Gerichtsschreiber MLaw Vladimir Hof
Beteiligte
A____, geb. [...] Beschwerdeführerin
[...]
Beschuldigte
gegen
Staatsanwaltschaft Basel-Stadt
Beschwerdegegnerin
Binningerstrasse 21, 4001 Basel
Gegenstand
Beschwerde gegen zwei Verfügungen
der Staatsanwaltschaft
vom 20. Januar 2020
betreffend Befehl für
erkennungsdienstliche Erfassung (Art. 260 StPO) und nicht-invasive Probenahme
(Art. 255 StPO) sowie Verfügung DNA-Analyse (Art. 255 StPO)
Das
Einzelgericht zieht in Erwägung:
dass die Staatsanwaltschaft gegenüber A____
(Beschwerdeführerin) im Anschluss an die Vorfälle anlässlich der
Klima-Aktionstage («Collective Climate Justice»-Tage) vom 8. Juli 2019 in Basel
die erkennungsdienstliche Erfassung und nicht-invasive Probenahme sowie die
DNA-Analyse (Verfügungen vom 20. Januar 2020) anordnete,
dass die Beschwerdeführerin gegen die
entsprechenden Verfügungen am 14. Februar 2020 beim Appellationsgericht form-
und fristgerecht Beschwerde erhob,
dass vorliegendes Beschwerdeverfahren mit
Verfügung vom 3. März 2020 bis zur Rechtskraft der drei die Klima-Aktionstage
betreffenden Pilot-Fälle (BES.2019.150, 152, 161) sistiert wurde,
dass das Bundesgericht am 22. April 2021 die
Beschwerden der Betroffenen in den «Pilot-Fällen» guthiess (BGer 1B_285/2020,
1B_286/2020 und 1B_287/2020) bzw. die Beschwerden der Staatsanwaltschaft abwies
(BGer 1B_294/2020 und 1B_293/2020),
dass die
Sistierung mit Verfügung vom 15. Oktober 2021 aufgehoben wurde,
dass die Beschwerdeführerin in der Zwischenzeit
mit rechtskräftigem Urteil des Strafgerichts Basel-Stadt vom 12. April 2021 von
sämtlichen gegen sie erhobenen Vorwürfen im Zusammenhang mit den
Klima-Aktionstagen freigesprochen bzw. das Verfahren im Anklagepunkt des
Hausfriedensbruchs eingestellt worden ist,
dass damit die erkennungsdienstlich erhobenen
Daten gestützt auf Art. 261 Abs. 1 lit. b der Strafprozessordnung
(StPO, SR 312.0) in Verbindung mit Art. 17 Abs. 1 lit. c und d der
Verordnung über die Bearbeitung biometrischer erkennungsdienstlicher Daten (SR
361.3) zu vernichten bzw. zu löschen sind (vgl.
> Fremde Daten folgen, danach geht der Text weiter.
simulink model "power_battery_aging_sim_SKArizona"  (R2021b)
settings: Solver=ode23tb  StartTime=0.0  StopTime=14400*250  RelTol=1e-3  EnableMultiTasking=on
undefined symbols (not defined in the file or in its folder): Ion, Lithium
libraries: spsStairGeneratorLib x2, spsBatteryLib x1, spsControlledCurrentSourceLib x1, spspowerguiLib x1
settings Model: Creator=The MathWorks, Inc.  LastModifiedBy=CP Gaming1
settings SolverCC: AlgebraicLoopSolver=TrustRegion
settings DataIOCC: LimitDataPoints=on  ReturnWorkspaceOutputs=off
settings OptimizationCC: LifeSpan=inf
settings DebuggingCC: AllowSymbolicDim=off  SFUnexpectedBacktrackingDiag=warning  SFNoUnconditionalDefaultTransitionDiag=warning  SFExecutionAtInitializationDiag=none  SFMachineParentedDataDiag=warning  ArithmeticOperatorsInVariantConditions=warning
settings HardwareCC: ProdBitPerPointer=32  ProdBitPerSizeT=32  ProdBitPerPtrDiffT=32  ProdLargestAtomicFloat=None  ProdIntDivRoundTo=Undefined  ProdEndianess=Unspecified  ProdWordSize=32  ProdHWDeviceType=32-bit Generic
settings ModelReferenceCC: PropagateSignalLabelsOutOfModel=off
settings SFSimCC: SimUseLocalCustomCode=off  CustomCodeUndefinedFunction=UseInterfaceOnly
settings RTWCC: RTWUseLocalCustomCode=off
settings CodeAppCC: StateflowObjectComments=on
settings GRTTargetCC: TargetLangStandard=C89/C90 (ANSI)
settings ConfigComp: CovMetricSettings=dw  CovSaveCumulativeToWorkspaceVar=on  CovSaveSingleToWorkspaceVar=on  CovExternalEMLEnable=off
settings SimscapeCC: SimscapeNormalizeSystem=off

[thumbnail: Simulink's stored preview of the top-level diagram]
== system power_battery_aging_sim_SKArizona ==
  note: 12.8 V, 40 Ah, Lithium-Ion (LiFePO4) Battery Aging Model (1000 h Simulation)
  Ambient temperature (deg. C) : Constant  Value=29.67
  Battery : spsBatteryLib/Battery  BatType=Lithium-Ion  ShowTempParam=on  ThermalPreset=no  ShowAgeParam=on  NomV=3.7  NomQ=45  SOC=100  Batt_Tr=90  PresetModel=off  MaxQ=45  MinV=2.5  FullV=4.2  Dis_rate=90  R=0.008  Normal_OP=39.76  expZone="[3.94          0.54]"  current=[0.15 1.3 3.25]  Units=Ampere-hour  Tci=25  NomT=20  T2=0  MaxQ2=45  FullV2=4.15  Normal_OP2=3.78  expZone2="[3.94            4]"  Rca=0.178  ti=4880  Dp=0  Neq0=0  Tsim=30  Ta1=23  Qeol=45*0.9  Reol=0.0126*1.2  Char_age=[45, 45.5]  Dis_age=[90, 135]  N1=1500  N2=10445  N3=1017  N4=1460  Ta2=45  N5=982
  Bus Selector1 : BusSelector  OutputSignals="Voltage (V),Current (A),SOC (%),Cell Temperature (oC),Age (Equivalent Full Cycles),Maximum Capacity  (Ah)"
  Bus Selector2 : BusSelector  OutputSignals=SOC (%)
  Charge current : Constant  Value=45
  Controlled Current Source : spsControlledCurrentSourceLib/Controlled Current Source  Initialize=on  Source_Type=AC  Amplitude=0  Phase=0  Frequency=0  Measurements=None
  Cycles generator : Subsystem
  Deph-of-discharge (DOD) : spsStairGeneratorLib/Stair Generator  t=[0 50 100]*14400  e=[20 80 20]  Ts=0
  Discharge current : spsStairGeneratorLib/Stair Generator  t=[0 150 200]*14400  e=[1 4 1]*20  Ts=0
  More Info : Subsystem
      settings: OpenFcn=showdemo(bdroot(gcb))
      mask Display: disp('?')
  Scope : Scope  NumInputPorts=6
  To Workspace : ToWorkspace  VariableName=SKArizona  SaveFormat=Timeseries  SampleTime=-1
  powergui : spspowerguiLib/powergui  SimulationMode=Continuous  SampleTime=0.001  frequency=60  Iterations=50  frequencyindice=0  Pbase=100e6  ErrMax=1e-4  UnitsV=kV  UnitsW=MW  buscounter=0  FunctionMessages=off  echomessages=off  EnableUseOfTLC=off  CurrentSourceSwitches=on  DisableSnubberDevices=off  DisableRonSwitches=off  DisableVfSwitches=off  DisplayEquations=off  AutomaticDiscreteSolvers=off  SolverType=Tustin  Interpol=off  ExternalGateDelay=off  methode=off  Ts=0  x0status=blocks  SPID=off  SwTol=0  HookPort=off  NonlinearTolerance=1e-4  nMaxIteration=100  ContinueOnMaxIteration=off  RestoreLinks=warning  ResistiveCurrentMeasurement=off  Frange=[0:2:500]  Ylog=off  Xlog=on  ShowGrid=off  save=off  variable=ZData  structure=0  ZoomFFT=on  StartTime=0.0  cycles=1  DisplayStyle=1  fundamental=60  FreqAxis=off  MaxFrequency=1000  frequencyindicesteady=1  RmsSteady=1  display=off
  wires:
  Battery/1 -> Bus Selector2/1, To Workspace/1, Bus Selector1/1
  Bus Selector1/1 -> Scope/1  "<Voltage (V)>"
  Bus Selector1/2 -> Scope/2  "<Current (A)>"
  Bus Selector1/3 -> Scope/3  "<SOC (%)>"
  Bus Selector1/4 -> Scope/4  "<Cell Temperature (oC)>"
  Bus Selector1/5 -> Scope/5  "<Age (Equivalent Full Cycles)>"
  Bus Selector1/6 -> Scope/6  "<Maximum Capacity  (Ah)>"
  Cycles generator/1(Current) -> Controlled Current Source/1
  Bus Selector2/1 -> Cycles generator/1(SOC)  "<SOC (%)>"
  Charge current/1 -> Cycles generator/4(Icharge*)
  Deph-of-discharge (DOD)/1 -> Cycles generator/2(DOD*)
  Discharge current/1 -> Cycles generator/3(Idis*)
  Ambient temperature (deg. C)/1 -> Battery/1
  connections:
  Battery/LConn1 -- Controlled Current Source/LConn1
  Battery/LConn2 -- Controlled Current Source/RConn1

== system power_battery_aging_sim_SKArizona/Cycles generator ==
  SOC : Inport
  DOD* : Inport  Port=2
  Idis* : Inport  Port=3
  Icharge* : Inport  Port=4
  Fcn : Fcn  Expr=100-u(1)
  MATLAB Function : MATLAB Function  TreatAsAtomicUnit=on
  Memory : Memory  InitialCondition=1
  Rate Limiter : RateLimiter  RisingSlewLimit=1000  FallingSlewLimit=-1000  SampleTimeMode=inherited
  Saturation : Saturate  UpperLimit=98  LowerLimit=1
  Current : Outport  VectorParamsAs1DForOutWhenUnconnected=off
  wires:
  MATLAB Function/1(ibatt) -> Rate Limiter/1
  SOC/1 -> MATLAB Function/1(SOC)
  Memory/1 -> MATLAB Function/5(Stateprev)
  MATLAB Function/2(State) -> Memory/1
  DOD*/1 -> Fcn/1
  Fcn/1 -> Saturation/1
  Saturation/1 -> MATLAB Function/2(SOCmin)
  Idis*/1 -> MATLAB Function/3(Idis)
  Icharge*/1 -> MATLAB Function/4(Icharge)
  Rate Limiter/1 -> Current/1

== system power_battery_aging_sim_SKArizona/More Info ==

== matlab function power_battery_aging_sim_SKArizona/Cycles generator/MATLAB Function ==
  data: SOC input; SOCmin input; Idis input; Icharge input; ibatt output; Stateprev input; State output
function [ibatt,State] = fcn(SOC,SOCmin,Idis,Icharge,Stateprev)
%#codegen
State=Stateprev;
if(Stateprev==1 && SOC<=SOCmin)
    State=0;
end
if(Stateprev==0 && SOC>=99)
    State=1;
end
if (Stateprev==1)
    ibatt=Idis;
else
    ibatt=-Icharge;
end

Graf/Hansjakob, in: Donatsch/Lieber/Summers/Wohlers [Hrsg.],
Kommentar zur Schweizerischen Strafprozessordnung StPO, 3. Auflage, Zürich
2020, Art. 261 N 6),
dass gemäss Art. 16 Abs. 1 lit. c des
DNA-Profil-Gesetzes (SR 363) darüber hinaus auch das DNA-Profil zu löschen ist
(die diesem zugrundeliegende Probe ist gemäss Art. 9 Abs. 2 des DNA-Profil-Gesetzes
zu vernichten),
dass das Rechtsschutzinteresse der
Beschwerdeführerin damit nachträglich dahingefallen und vorliegendes
Beschwerdeverfahren als gegenstandslos abzuschreiben ist,
dass angesichts der Freisprüche und der Tatsache,
dass das Bundesgericht in den drei Pilotfällen festgehalten hat, dass die
ergriffenen Zwangsmassnahmen nicht zur Aufklärung der Anlasstaten notwendig
gewesen seien (vgl. dazu BGer 1B_285/2020 vom 22. April 2021 E. 3.1 f.,
1B_286/2020, 1B_294/2020 vom 22. April 2021 E. 3.1 f., 1B_287/2020, 1B_293/2020
vom 22. April 2021 E. 3.1 f.) bzw. sich dieselben bei sorgfältiger Prüfung der
sich entgegenstehenden privaten und öffentlichen Interessen angesichts der
friedlichen Grundstimmung nicht als zumutbar erwiesen (BGer 1B_285/2020 vom 22.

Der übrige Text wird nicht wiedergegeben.